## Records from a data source
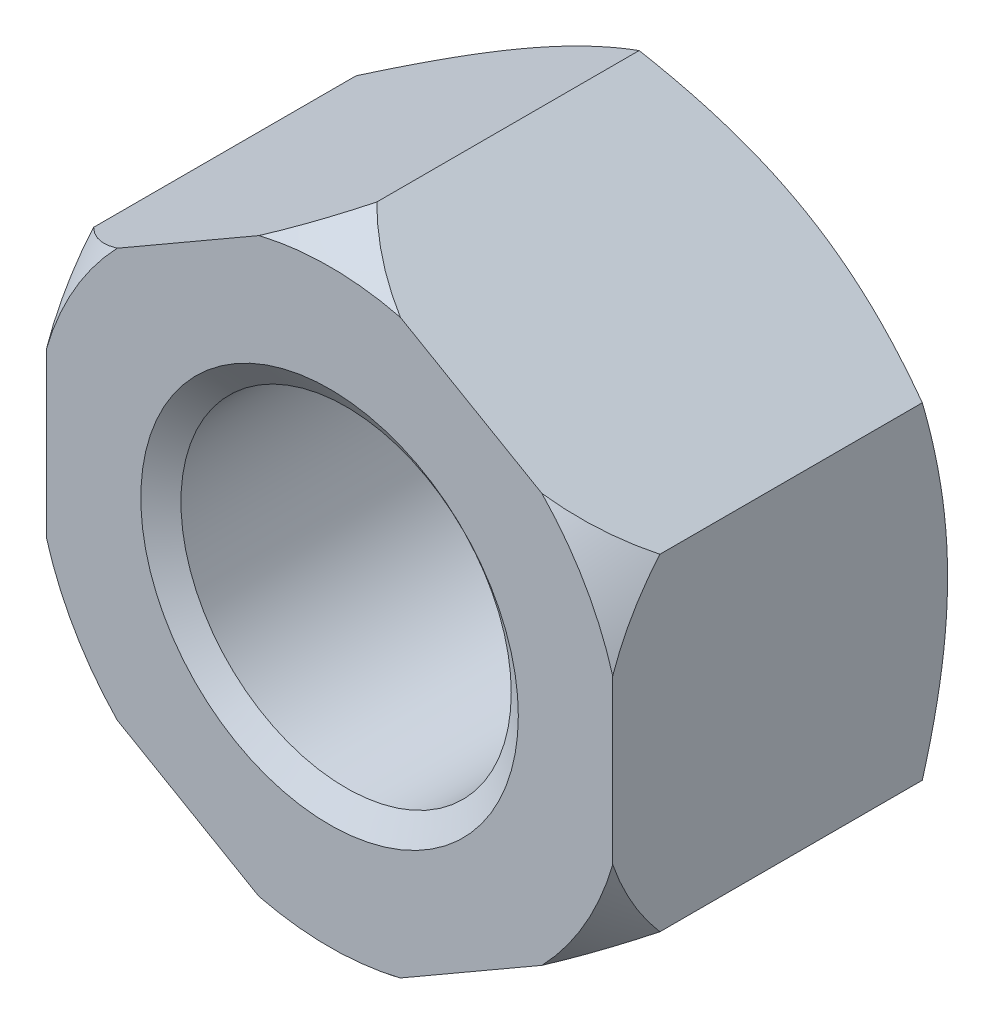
ISO-10303-21;
HEADER;
FILE_DESCRIPTION(('STEP AP214'),'2;1');
FILE_NAME('part.step','',(''),(''),'','','');
FILE_SCHEMA(('AUTOMOTIVE_DESIGN { 1 0 10303 214 1 1 1 1 }'));
ENDSEC;
DATA;
#1=APPLICATION_CONTEXT('core data for automotive mechanical design processes');
#2=APPLICATION_PROTOCOL_DEFINITION('international standard','automotive_design',2000,#1);
#3=PRODUCT_CONTEXT('',#1,'mechanical');
#4=PRODUCT('Part','Part','',(#3));
#5=PRODUCT_RELATED_PRODUCT_CATEGORY('part','',(#4));
#6=PRODUCT_DEFINITION_FORMATION('','',#4);
#7=PRODUCT_DEFINITION_CONTEXT('part definition',#1,'design');
#8=PRODUCT_DEFINITION('design','',#6,#7);
#9=PRODUCT_DEFINITION_SHAPE('','',#8);
#10=(LENGTH_UNIT() NAMED_UNIT(*) SI_UNIT(.MILLI.,.METRE.));
#11=(NAMED_UNIT(*) PLANE_ANGLE_UNIT() SI_UNIT($,.RADIAN.));
#12=(NAMED_UNIT(*) SI_UNIT($,.STERADIAN.) SOLID_ANGLE_UNIT());
#13=UNCERTAINTY_MEASURE_WITH_UNIT(LENGTH_MEASURE(1.E-05),#10,'distance_accuracy_value','');
#14=(GEOMETRIC_REPRESENTATION_CONTEXT(3) GLOBAL_UNCERTAINTY_ASSIGNED_CONTEXT((#13)) GLOBAL_UNIT_ASSIGNED_CONTEXT((#10,
#11,#12)) REPRESENTATION_CONTEXT('',''));
#15=CARTESIAN_POINT('',(0.,0.,0.));
#16=DIRECTION('',(0.,0.,1.));
#17=DIRECTION('',(1.,0.,0.));
#18=AXIS2_PLACEMENT_3D('',#15,#16,#17);
#19=CARTESIAN_POINT('',(0.,0.,-22.5298));
#20=DIRECTION('',(0.,0.,1.));
#21=DIRECTION('',(1.,0.,0.));
#22=AXIS2_PLACEMENT_3D('',#19,#20,#21);
#23=CYLINDRICAL_SURFACE('',#22,11.1125);
#24=CARTESIAN_POINT('',(0.,0.,-1.11157946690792));
#25=DIRECTION('',(0.,0.,1.));
#26=DIRECTION('',(1.,0.,0.));
#27=AXIS2_PLACEMENT_3D('',#24,#25,#26);
#28=CIRCLE('',#27,11.1125);
#29=CARTESIAN_POINT('',(11.1125,0.,-1.11157946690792));
#30=VERTEX_POINT('',#29);
#31=EDGE_CURVE('E150',#30,#30,#28,.F.);
#32=ORIENTED_EDGE('',*,*,#31,.F.);
#33=EDGE_LOOP('',(#32));
#34=FACE_BOUND('',#33,.T.);
#35=CARTESIAN_POINT('',(0.,0.,-21.3928205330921));
#36=DIRECTION('',(0.,0.,-1.));
#37=DIRECTION('',(-1.,0.,0.));
#38=AXIS2_PLACEMENT_3D('',#35,#36,#37);
#39=CIRCLE('',#38,11.1125);
#40=CARTESIAN_POINT('',(-11.1125,0.,-21.3928205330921));
#41=VERTEX_POINT('',#40);
#42=EDGE_CURVE('E38',#41,#41,#39,.F.);
#43=ORIENTED_EDGE('',*,*,#42,.F.);
#44=EDGE_LOOP('',(#43));
#45=FACE_BOUND('',#44,.T.);
#46=ADVANCED_FACE('F33',(#34,#45),#23,.F.);
#47=CARTESIAN_POINT('',(0.,21.9970452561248,-22.5298));
#48=DIRECTION('',(0.,0.,-1.));
#49=DIRECTION('',(-1.,0.,0.));
#50=AXIS2_PLACEMENT_3D('',#47,#48,#49);
#51=PLANE('',#50);
#52=CARTESIAN_POINT('',(0.,0.,-22.5298));
#53=DIRECTION('',(0.,0.,-1.));
#54=DIRECTION('',(-1.,0.,0.));
#55=AXIS2_PLACEMENT_3D('',#52,#53,#54);
#56=CIRCLE('',#55,19.05);
#57=CARTESIAN_POINT('',(-19.05,0.,-22.5298));
#58=VERTEX_POINT('',#57);
#59=CARTESIAN_POINT('',(-9.52500000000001,-16.4977839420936,-22.5298));
#60=VERTEX_POINT('',#59);
#61=EDGE_CURVE('E193',#58,#60,#56,.F.);
#62=ORIENTED_EDGE('',*,*,#61,.F.);
#63=CARTESIAN_POINT('',(-9.52500000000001,16.4977839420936,-22.5298));
#64=VERTEX_POINT('',#63);
#65=EDGE_CURVE('E178',#64,#58,#56,.F.);
#66=ORIENTED_EDGE('',*,*,#65,.F.);
#67=CARTESIAN_POINT('',(9.52500000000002,16.4977839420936,-22.5298));
#68=VERTEX_POINT('',#67);
#69=EDGE_CURVE('E192',#68,#64,#56,.F.);
#70=ORIENTED_EDGE('',*,*,#69,.F.);
#71=CARTESIAN_POINT('',(0.,0.,-22.5298));
#72=DIRECTION('',(0.,0.,1.));
#73=DIRECTION('',(1.,0.,0.));
#74=AXIS2_PLACEMENT_3D('',#71,#72,#73);
#75=CIRCLE('',#74,19.05);
#76=CARTESIAN_POINT('',(19.05,0.,-22.5298));
#77=VERTEX_POINT('',#76);
#78=EDGE_CURVE('E225',#77,#68,#75,.T.);
#79=ORIENTED_EDGE('',*,*,#78,.F.);
#80=CARTESIAN_POINT('',(9.525,-16.4977839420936,-22.5298));
#81=VERTEX_POINT('',#80);
#82=EDGE_CURVE('E546',#81,#77,#56,.F.);
#83=ORIENTED_EDGE('',*,*,#82,.F.);
#84=EDGE_CURVE('E547',#60,#81,#56,.F.);
#85=ORIENTED_EDGE('',*,*,#84,.F.);
#86=EDGE_LOOP('',(#62,#66,#70,#79,#83,#85));
#87=FACE_BOUND('',#86,.T.);
#88=CARTESIAN_POINT('',(0.,0.,-22.5298));
#89=DIRECTION('',(0.,0.,-1.));
#90=DIRECTION('',(-1.,0.,0.));
#91=AXIS2_PLACEMENT_3D('',#88,#89,#90);
#92=CIRCLE('',#91,12.7);
#93=CARTESIAN_POINT('',(-12.7,0.,-22.5298));
#94=VERTEX_POINT('',#93);
#95=EDGE_CURVE('E199',#94,#94,#92,.F.);
#96=ORIENTED_EDGE('',*,*,#95,.T.);
#97=EDGE_LOOP('',(#96));
#98=FACE_BOUND('',#97,.T.);
#99=ADVANCED_FACE('F310',(#87,#98),#51,.T.);
#100=CARTESIAN_POINT('',(0.,21.9970452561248,0.));
#101=DIRECTION('',(0.,0.,-1.));
#102=DIRECTION('',(-1.,0.,0.));
#103=AXIS2_PLACEMENT_3D('',#100,#101,#102);
#104=PLANE('',#103);
#105=DIRECTION('',(0.,-1.,0.));
#106=VECTOR('',#105,1.);
#107=CARTESIAN_POINT('',(-19.05,10.9985226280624,0.));
#108=LINE('',#107,#106);
#109=CARTESIAN_POINT('',(-19.05,5.49926131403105,0.));
#110=VERTEX_POINT('',#109);
#111=CARTESIAN_POINT('',(-19.05,-5.49926131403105,0.));
#112=VERTEX_POINT('',#111);
#113=EDGE_CURVE('E360',#110,#112,#108,.T.);
#114=ORIENTED_EDGE('',*,*,#113,.T.);
#115=CARTESIAN_POINT('',(0.,0.,0.));
#116=DIRECTION('',(0.,0.,-1.));
#117=DIRECTION('',(-1.,0.,0.));
#118=AXIS2_PLACEMENT_3D('',#115,#116,#117);
#119=CIRCLE('',#118,19.8278686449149);
#120=CARTESIAN_POINT('',(-14.2874999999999,-13.7481532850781,0.));
#121=VERTEX_POINT('',#120);
#122=EDGE_CURVE('E11',#112,#121,#119,.F.);
#123=ORIENTED_EDGE('',*,*,#122,.T.);
#124=DIRECTION('',(0.866025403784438,-0.5,0.));
#125=VECTOR('',#124,1.);
#126=CARTESIAN_POINT('',(-19.05,-10.9985226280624,0.));
#127=LINE('',#126,#125);
#128=CARTESIAN_POINT('',(-4.76250000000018,-19.2474145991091,0.));
#129=VERTEX_POINT('',#128);
#130=EDGE_CURVE('E171',#121,#129,#127,.T.);
#131=ORIENTED_EDGE('',*,*,#130,.T.);
#132=CARTESIAN_POINT('',(4.76250000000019,-19.2474145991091,0.));
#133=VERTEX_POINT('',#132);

## EXERCISE REQUIREMENTS
Please return the span of lines above that opens with the one containing "#108=LINE('',#107,#106);" and closes with the final line, both included, exactly as written and nothing more.

## PROBLEM SOLUTION
#108=LINE('',#107,#106);
#109=CARTESIAN_POINT('',(-19.05,5.49926131403105,0.));
#110=VERTEX_POINT('',#109);
#111=CARTESIAN_POINT('',(-19.05,-5.49926131403105,0.));
#112=VERTEX_POINT('',#111);
#113=EDGE_CURVE('E360',#110,#112,#108,.T.);
#114=ORIENTED_EDGE('',*,*,#113,.T.);
#115=CARTESIAN_POINT('',(0.,0.,0.));
#116=DIRECTION('',(0.,0.,-1.));
#117=DIRECTION('',(-1.,0.,0.));
#118=AXIS2_PLACEMENT_3D('',#115,#116,#117);
#119=CIRCLE('',#118,19.8278686449149);
#120=CARTESIAN_POINT('',(-14.2874999999999,-13.7481532850781,0.));
#121=VERTEX_POINT('',#120);
#122=EDGE_CURVE('E11',#112,#121,#119,.F.);
#123=ORIENTED_EDGE('',*,*,#122,.T.);
#124=DIRECTION('',(0.866025403784438,-0.5,0.));
#125=VECTOR('',#124,1.);
#126=CARTESIAN_POINT('',(-19.05,-10.9985226280624,0.));
#127=LINE('',#126,#125);
#128=CARTESIAN_POINT('',(-4.76250000000018,-19.2474145991091,0.));
#129=VERTEX_POINT('',#128);
#130=EDGE_CURVE('E171',#121,#129,#127,.T.);
#131=ORIENTED_EDGE('',*,*,#130,.T.);
#132=CARTESIAN_POINT('',(4.76250000000019,-19.2474145991091,0.));
#133=VERTEX_POINT('',#132);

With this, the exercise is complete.